Saved entries:
------------------------------------------------------------------------

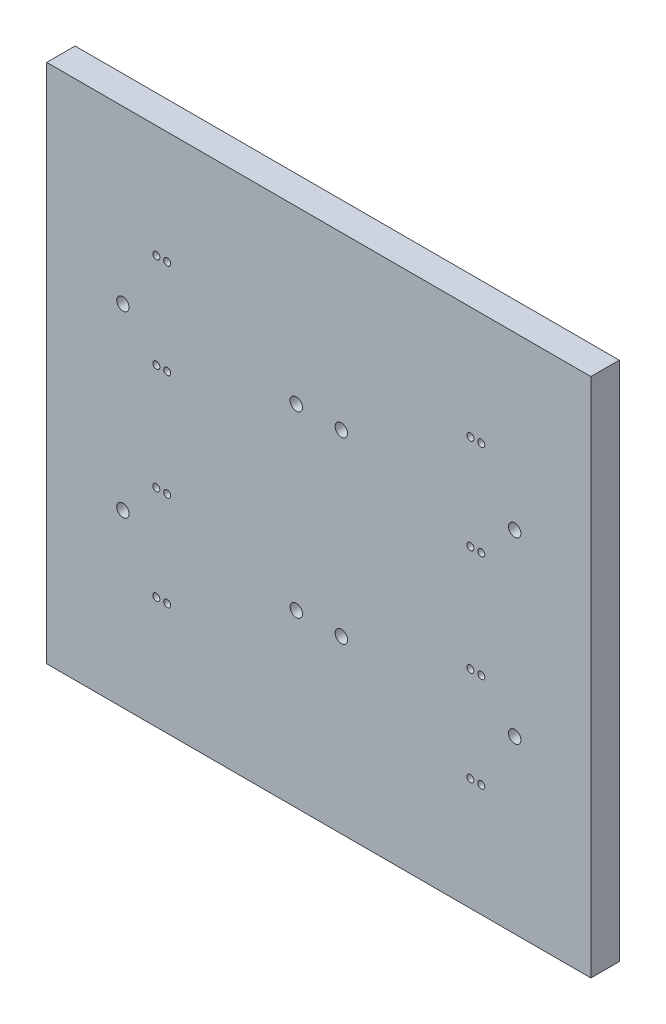
ISO-10303-21;
HEADER;
FILE_DESCRIPTION(('STEP AP214'),'2;1');
FILE_NAME('part.step','',(''),(''),'','','');
FILE_SCHEMA(('AUTOMOTIVE_DESIGN { 1 0 10303 214 1 1 1 1 }'));
ENDSEC;
DATA;
#1=APPLICATION_CONTEXT('core data for automotive mechanical design processes');
#2=APPLICATION_PROTOCOL_DEFINITION('international standard','automotive_design',2000,#1);
#3=PRODUCT_CONTEXT('',#1,'mechanical');
#4=PRODUCT('Part','Part','',(#3));
#5=PRODUCT_RELATED_PRODUCT_CATEGORY('part','',(#4));
#6=PRODUCT_DEFINITION_FORMATION('','',#4);
#7=PRODUCT_DEFINITION_CONTEXT('part definition',#1,'design');
#8=PRODUCT_DEFINITION('design','',#6,#7);
#9=PRODUCT_DEFINITION_SHAPE('','',#8);
#10=(LENGTH_UNIT() NAMED_UNIT(*) SI_UNIT(.MILLI.,.METRE.));
#11=(NAMED_UNIT(*) PLANE_ANGLE_UNIT() SI_UNIT($,.RADIAN.));
#12=(NAMED_UNIT(*) SI_UNIT($,.STERADIAN.) SOLID_ANGLE_UNIT());
#13=UNCERTAINTY_MEASURE_WITH_UNIT(LENGTH_MEASURE(1.E-05),#10,'distance_accuracy_value','');
#14=(GEOMETRIC_REPRESENTATION_CONTEXT(3) GLOBAL_UNCERTAINTY_ASSIGNED_CONTEXT((#13)) GLOBAL_UNIT_ASSIGNED_CONTEXT((#10,
#11,#12)) REPRESENTATION_CONTEXT('',''));
#15=CARTESIAN_POINT('',(0.,0.,0.));
#16=DIRECTION('',(0.,0.,1.));
#17=DIRECTION('',(1.,0.,0.));
#18=AXIS2_PLACEMENT_3D('',#15,#16,#17);
#19=CARTESIAN_POINT('',(70.5,-133.36,18.25));
#20=DIRECTION('',(0.,0.,-1.));
#21=DIRECTION('',(-1.,0.,0.));
#22=AXIS2_PLACEMENT_3D('',#19,#20,#21);
#23=CYLINDRICAL_SURFACE('',#22,2.25);
#24=CARTESIAN_POINT('',(70.5,-133.36,18.25));
#25=DIRECTION('',(0.,0.,-1.));
#26=DIRECTION('',(1.,0.,0.));
#27=AXIS2_PLACEMENT_3D('',#24,#25,#26);
#28=CIRCLE('',#27,2.25);
#29=CARTESIAN_POINT('',(72.75,-133.36,18.25));
#30=VERTEX_POINT('',#29);
#31=EDGE_CURVE('E40',#30,#30,#28,.T.);
#32=ORIENTED_EDGE('',*,*,#31,.F.);
#33=EDGE_LOOP('',(#32));
#34=FACE_BOUND('',#33,.T.);
#35=CARTESIAN_POINT('',(70.5,-133.36,0.));
#36=DIRECTION('',(0.,0.,-1.));
#37=DIRECTION('',(1.,0.,0.));
#38=AXIS2_PLACEMENT_3D('',#35,#36,#37);
#39=CIRCLE('',#38,2.25);
#40=CARTESIAN_POINT('',(72.75,-133.36,0.));
#41=VERTEX_POINT('',#40);
#42=EDGE_CURVE('E11',#41,#41,#39,.T.);
#43=ORIENTED_EDGE('',*,*,#42,.T.);
#44=EDGE_LOOP('',(#43));
#45=FACE_BOUND('',#44,.T.);
#46=ADVANCED_FACE('F32',(#34,#45),#23,.F.);
#47=CARTESIAN_POINT('',(77.5,-133.36,18.25));
#48=DIRECTION('',(0.,0.,-1.));
#49=DIRECTION('',(-1.,0.,0.));
#50=AXIS2_PLACEMENT_3D('',#47,#48,#49);
#51=CYLINDRICAL_SURFACE('',#50,2.25);
#52=CARTESIAN_POINT('',(77.5,-133.36,18.25));
#53=DIRECTION('',(0.,0.,-1.));
#54=DIRECTION('',(1.,0.,0.));
#55=AXIS2_PLACEMENT_3D('',#52,#53,#54);
#56=CIRCLE('',#55,2.25);
#57=CARTESIAN_POINT('',(79.75,-133.36,18.25));
#58=VERTEX_POINT('',#57);
#59=EDGE_CURVE('E206',#58,#58,#56,.T.);
#60=ORIENTED_EDGE('',*,*,#59,.F.);
#61=EDGE_LOOP('',(#60));
#62=FACE_BOUND('',#61,.T.);
#63=CARTESIAN_POINT('',(77.5,-133.36,0.));
#64=DIRECTION('',(0.,0.,-1.));
#65=DIRECTION('',(1.,0.,0.));
#66=AXIS2_PLACEMENT_3D('',#63,#64,#65);
#67=CIRCLE('',#66,2.25);
#68=CARTESIAN_POINT('',(79.75,-133.36,0.));
#69=VERTEX_POINT('',#68);
#70=EDGE_CURVE('E209',#69,#69,#67,.T.);
#71=ORIENTED_EDGE('',*,*,#70,.T.);
#72=EDGE_LOOP('',(#71));
#73=FACE_BOUND('',#72,.T.);
#74=ADVANCED_FACE('F218',(#62,#73),#51,.F.);
#75=CARTESIAN_POINT('',(70.5,-72.36,18.25));
#76=DIRECTION('',(0.,0.,-1.));
#77=DIRECTION('',(-1.,0.,0.));
#78=AXIS2_PLACEMENT_3D('',#75,#76,#77);
#79=CYLINDRICAL_SURFACE('',#78,2.25);
#80=CARTESIAN_POINT('',(70.5,-72.36,18.25));
#81=DIRECTION('',(0.,0.,-1.));
#82=DIRECTION('',(1.,0.,0.));
#83=AXIS2_PLACEMENT_3D('',#80,#81,#82);
#84=CIRCLE('',#83,2.25);
#85=CARTESIAN_POINT('',(72.75,-72.36,18.25));
#86=VERTEX_POINT('',#85);
#87=EDGE_CURVE('E200',#86,#86,#84,.T.);
#88=ORIENTED_EDGE('',*,*,#87,.F.);
#89=EDGE_LOOP('',(#88));
#90=FACE_BOUND('',#89,.T.);
#91=CARTESIAN_POINT('',(70.5,-72.36,0.));
#92=DIRECTION('',(0.,0.,-1.));
#93=DIRECTION('',(1.,0.,0.));
#94=AXIS2_PLACEMENT_3D('',#91,#92,#93);
#95=CIRCLE('',#94,2.25);
#96=CARTESIAN_POINT('',(72.75,-72.36,0.));
#97=VERTEX_POINT('',#96);
#98=EDGE_CURVE('E203',#97,#97,#95,.T.);
#99=ORIENTED_EDGE('',*,*,#98,.T.);
#100=EDGE_LOOP('',(#99));
#101=FACE_BOUND('',#100,.T.);
#102=ADVANCED_FACE('F388',(#90,#101),#79,.F.);
#103=CARTESIAN_POINT('',(77.5,-72.36,18.25));
#104=DIRECTION('',(0.,0.,-1.));
#105=DIRECTION('',(-1.,0.,0.));
#106=AXIS2_PLACEMENT_3D('',#103,#104,#105);
#107=CYLINDRICAL_SURFACE('',#106,2.25);
#108=CARTESIAN_POINT('',(77.5,-72.36,18.25));
#109=DIRECTION('',(0.,0.,-1.));
#110=DIRECTION('',(1.,0.,0.));
#111=AXIS2_PLACEMENT_3D('',#108,#109,#110);
#112=CIRCLE('',#111,2.25);
#113=CARTESIAN_POINT('',(79.75,-72.36,18.25));
#114=VERTEX_POINT('',#113);
#115=EDGE_CURVE('E194',#114,#114,#112,.T.);
#116=ORIENTED_EDGE('',*,*,#115,.F.);
#117=EDGE_LOOP('',(#116));
#118=FACE_BOUND('',#117,.T.);
#119=CARTESIAN_POINT('',(77.5,-72.36,0.));
#120=DIRECTION('',(0.,0.,-1.));
#121=DIRECTION('',(1.,0.,0.));
#122=AXIS2_PLACEMENT_3D('',#119,#120,#121);
#123=CIRCLE('',#122,2.25);
#124=CARTESIAN_POINT('',(79.75,-72.36,0.));
#125=VERTEX_POINT('',#124);
#126=EDGE_CURVE('E197',#125,#125,#123,.T.);
#127=ORIENTED_EDGE('',*,*,#126,.T.);
#128=EDGE_LOOP('',(#127));
#129=FACE_BOUND('',#128,.T.);
#130=ADVANCED_FACE('F384',(#118,#129),#107,.F.);
#131=CARTESIAN_POINT('',(272.5,-133.36,18.25));
#132=DIRECTION('',(0.,0.,-1.));
#133=DIRECTION('',(1.,0.,0.));
#134=AXIS2_PLACEMENT_3D('',#131,#132,#133);
#135=CYLINDRICAL_SURFACE('',#134,2.25);
#136=CARTESIAN_POINT('',(272.5,-133.36,18.25));
#137=DIRECTION('',(0.,0.,1.));
#138=DIRECTION('',(-1.,0.,0.));
#139=AXIS2_PLACEMENT_3D('',#136,#137,#138);
#140=CIRCLE('',#139,2.25);
#141=CARTESIAN_POINT('',(270.25,-133.36,18.25));
#142=VERTEX_POINT('',#141);
#143=EDGE_CURVE('E188',#142,#142,#140,.T.);
#144=ORIENTED_EDGE('',*,*,#143,.T.);
#145=EDGE_LOOP('',(#144));
#146=FACE_BOUND('',#145,.T.);
#147=CARTESIAN_POINT('',(272.5,-133.36,0.));
#148=DIRECTION('',(0.,0.,1.));
#149=DIRECTION('',(-1.,0.,0.));
#150=AXIS2_PLACEMENT_3D('',#147,#148,#149);
#151=CIRCLE('',#150,2.25);
#152=CARTESIAN_POINT('',(270.25,-133.36,0.));
#153=VERTEX_POINT('',#152);
#154=EDGE_CURVE('E191',#153,#153,#151,.T.);
#155=ORIENTED_EDGE('',*,*,#154,.F.);
#156=EDGE_LOOP('',(#155));
#157=FACE_BOUND('',#156,.T.);
#158=ADVANCED_FACE('F380',(#146,#157),#135,.F.);
#159=CARTESIAN_POINT('',(279.5,-133.36,18.25));
#160=DIRECTION('',(0.,0.,-1.));
#161=DIRECTION('',(1.,0.,0.));
#162=AXIS2_PLACEMENT_3D('',#159,#160,#161);
#163=CYLINDRICAL_SURFACE('',#162,2.25);
#164=CARTESIAN_POINT('',(279.5,-133.36,18.25));
#165=DIRECTION('',(0.,0.,1.));
#166=DIRECTION('',(-1.,0.,0.));
#167=AXIS2_PLACEMENT_3D('',#164,#165,#166);
#168=CIRCLE('',#167,2.25);
#169=CARTESIAN_POINT('',(277.25,-133.36,18.25));
#170=VERTEX_POINT('',#169);
#171=EDGE_CURVE('E182',#170,#170,#168,.T.);
#172=ORIENTED_EDGE('',*,*,#171,.T.);
#173=EDGE_LOOP('',(#172));
#174=FACE_BOUND('',#173,.T.);
#175=CARTESIAN_POINT('',(279.5,-133.36,0.));
#176=DIRECTION('',(0.,0.,1.));
#177=DIRECTION('',(-1.,0.,0.));
#178=AXIS2_PLACEMENT_3D('',#175,#176,#177);
#179=CIRCLE('',#178,2.25);
#180=CARTESIAN_POINT('',(277.25,-133.36,0.));
#181=VERTEX_POINT('',#180);
#182=EDGE_CURVE('E185',#181,#181,#179,.T.);
#183=ORIENTED_EDGE('',*,*,#182,.F.);
#184=EDGE_LOOP('',(#183));
#185=FACE_BOUND('',#184,.T.);
#186=ADVANCED_FACE('F376',(#174,#185),#163,.F.);
#187=CARTESIAN_POINT('',(272.5,-72.36,18.25));
#188=DIRECTION('',(0.,0.,-1.));
#189=DIRECTION('',(1.,0.,0.));
#190=AXIS2_PLACEMENT_3D('',#187,#188,#189);
#191=CYLINDRICAL_SURFACE('',#190,2.25);
#192=CARTESIAN_POINT('',(272.5,-72.36,18.25));
#193=DIRECTION('',(0.,0.,1.));
#194=DIRECTION('',(-1.,0.,0.));
#195=AXIS2_PLACEMENT_3D('',#192,#193,#194);
#196=CIRCLE('',#195,2.25);
#197=CARTESIAN_POINT('',(270.25,-72.36,18.25));
#198=VERTEX_POINT('',#197);
#199=EDGE_CURVE('E176',#198,#198,#196,.T.);
#200=ORIENTED_EDGE('',*,*,#199,.T.);
#201=EDGE_LOOP('',(#200));
#202=FACE_BOUND('',#201,.T.);
#203=CARTESIAN_POINT('',(272.5,-72.36,0.));
#204=DIRECTION('',(0.,0.,1.));
#205=DIRECTION('',(-1.,0.,0.));
#206=AXIS2_PLACEMENT_3D('',#203,#204,#205);
#207=CIRCLE('',#206,2.25);
#208=CARTESIAN_POINT('',(270.25,-72.36,0.));
#209=VERTEX_POINT('',#208);
#210=EDGE_CURVE('E179',#209,#209,#207,.T.);
#211=ORIENTED_EDGE('',*,*,#210,.F.);
#212=EDGE_LOOP('',(#211));
#213=FACE_BOUND('',#212,.T.);
#214=ADVANCED_FACE('F372',(#202,#213),#191,.F.);
#215=CARTESIAN_POINT('',(279.5,-72.36,18.25));
#216=DIRECTION('',(0.,0.,-1.));
#217=DIRECTION('',(1.,0.,0.));
#218=AXIS2_PLACEMENT_3D('',#215,#216,#217);
#219=CYLINDRICAL_SURFACE('',#218,2.25);
#220=CARTESIAN_POINT('',(279.5,-72.36,18.25));
#221=DIRECTION('',(0.,0.,1.));
#222=DIRECTION('',(-1.,0.,0.));
#223=AXIS2_PLACEMENT_3D('',#220,#221,#222);
#224=CIRCLE('',#223,2.25);
#225=CARTESIAN_POINT('',(277.25,-72.36,18.25));
#226=VERTEX_POINT('',#225);
#227=EDGE_CURVE('E170',#226,#226,#224,.T.);
#228=ORIENTED_EDGE('',*,*,#227,.T.);
#229=EDGE_LOOP('',(#228));
#230=FACE_BOUND('',#229,.T.);
#231=CARTESIAN_POINT('',(279.5,-72.36,0.));
#232=DIRECTION('',(0.,0.,1.));
#233=DIRECTION('',(-1.,0.,0.));
#234=AXIS2_PLACEMENT_3D('',#231,#232,#233);
#235=CIRCLE('',#234,2.25);
#236=CARTESIAN_POINT('',(277.25,-72.36,0.));
#237=VERTEX_POINT('',#236);
#238=EDGE_CURVE('E173',#237,#237,#235,.T.);
#239=ORIENTED_EDGE('',*,*,#238,.F.);
#240=EDGE_LOOP('',(#239));
#241=FACE_BOUND('',#240,.T.);
#242=ADVANCED_FACE('F368',(#230,#241),#219,.F.);
#243=CARTESIAN_POINT('',(49.,-110.,18.25));
#244=DIRECTION('',(0.,0.,-1.));
#245=DIRECTION('',(-1.,0.,0.));
#246=AXIS2_PLACEMENT_3D('',#243,#244,#245);
#247=CYLINDRICAL_SURFACE('',#246,4.00000000000001);
#248=CARTESIAN_POINT('',(49.,-110.,18.25));
#249=DIRECTION('',(0.,0.,-1.));
#250=DIRECTION('',(1.,0.,0.));
#251=AXIS2_PLACEMENT_3D('',#248,#249,#250);
#252=CIRCLE('',#251,4.00000000000001);
#253=CARTESIAN_POINT('',(53.,-110.,18.25));
#254=VERTEX_POINT('',#253);
#255=EDGE_CURVE('E164',#254,#254,#252,.T.);
#256=ORIENTED_EDGE('',*,*,#255,.F.);
#257=EDGE_LOOP('',(#256));
#258=FACE_BOUND('',#257,.T.);
#259=CARTESIAN_POINT('',(49.,-110.,0.));
#260=DIRECTION('',(0.,0.,-1.));
#261=DIRECTION('',(1.,0.,0.));
#262=AXIS2_PLACEMENT_3D('',#259,#260,#261);
#263=CIRCLE('',#262,4.00000000000001);
#264=CARTESIAN_POINT('',(53.,-110.,0.));
#265=VERTEX_POINT('',#264);
#266=EDGE_CURVE('E167',#265,#265,#263,.T.);
#267=ORIENTED_EDGE('',*,*,#266,.T.);
#268=EDGE_LOOP('',(#267));
#269=FACE_BOUND('',#268,.T.);
#270=ADVANCED_FACE('F364',(#258,#269),#247,.F.);
#271=CARTESIAN_POINT('',(301.,-110.,18.25));
#272=DIRECTION('',(0.,0.,-1.));
#273=DIRECTION('',(1.,0.,0.));
#274=AXIS2_PLACEMENT_3D('',#271,#272,#273);
#275=CYLINDRICAL_SURFACE('',#274,4.00000000000001);
#276=CARTESIAN_POINT('',(301.,-110.,18.25));
#277=DIRECTION('',(0.,0.,1.));
#278=DIRECTION('',(-1.,0.,0.));
#279=AXIS2_PLACEMENT_3D('',#276,#277,#278);
#280=CIRCLE('',#279,4.00000000000001);
#281=CARTESIAN_POINT('',(297.,-110.,18.25));
#282=VERTEX_POINT('',#281);
#283=EDGE_CURVE('E158',#282,#282,#280,.T.);
#284=ORIENTED_EDGE('',*,*,#283,.T.);
#285=EDGE_LOOP('',(#284));
#286=FACE_BOUND('',#285,.T.);
#287=CARTESIAN_POINT('',(301.,-110.,0.));
#288=DIRECTION('',(0.,0.,1.));
#289=DIRECTION('',(-1.,0.,0.));
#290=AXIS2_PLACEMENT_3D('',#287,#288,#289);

------------------------------------------------------------------------

In the data above, please extract the lines from the first one through the line with "#1=APPLICATION_CONTEXT('core data for", exactly, and keep pictures out.

* Task result:
ISO-10303-21;
HEADER;
FILE_DESCRIPTION(('STEP AP214'),'2;1');
FILE_NAME('part.step','',(''),(''),'','','');
FILE_SCHEMA(('AUTOMOTIVE_DESIGN { 1 0 10303 214 1 1 1 1 }'));
ENDSEC;
DATA;
#1=APPLICATION_CONTEXT('core data for automotive mechanical design processes');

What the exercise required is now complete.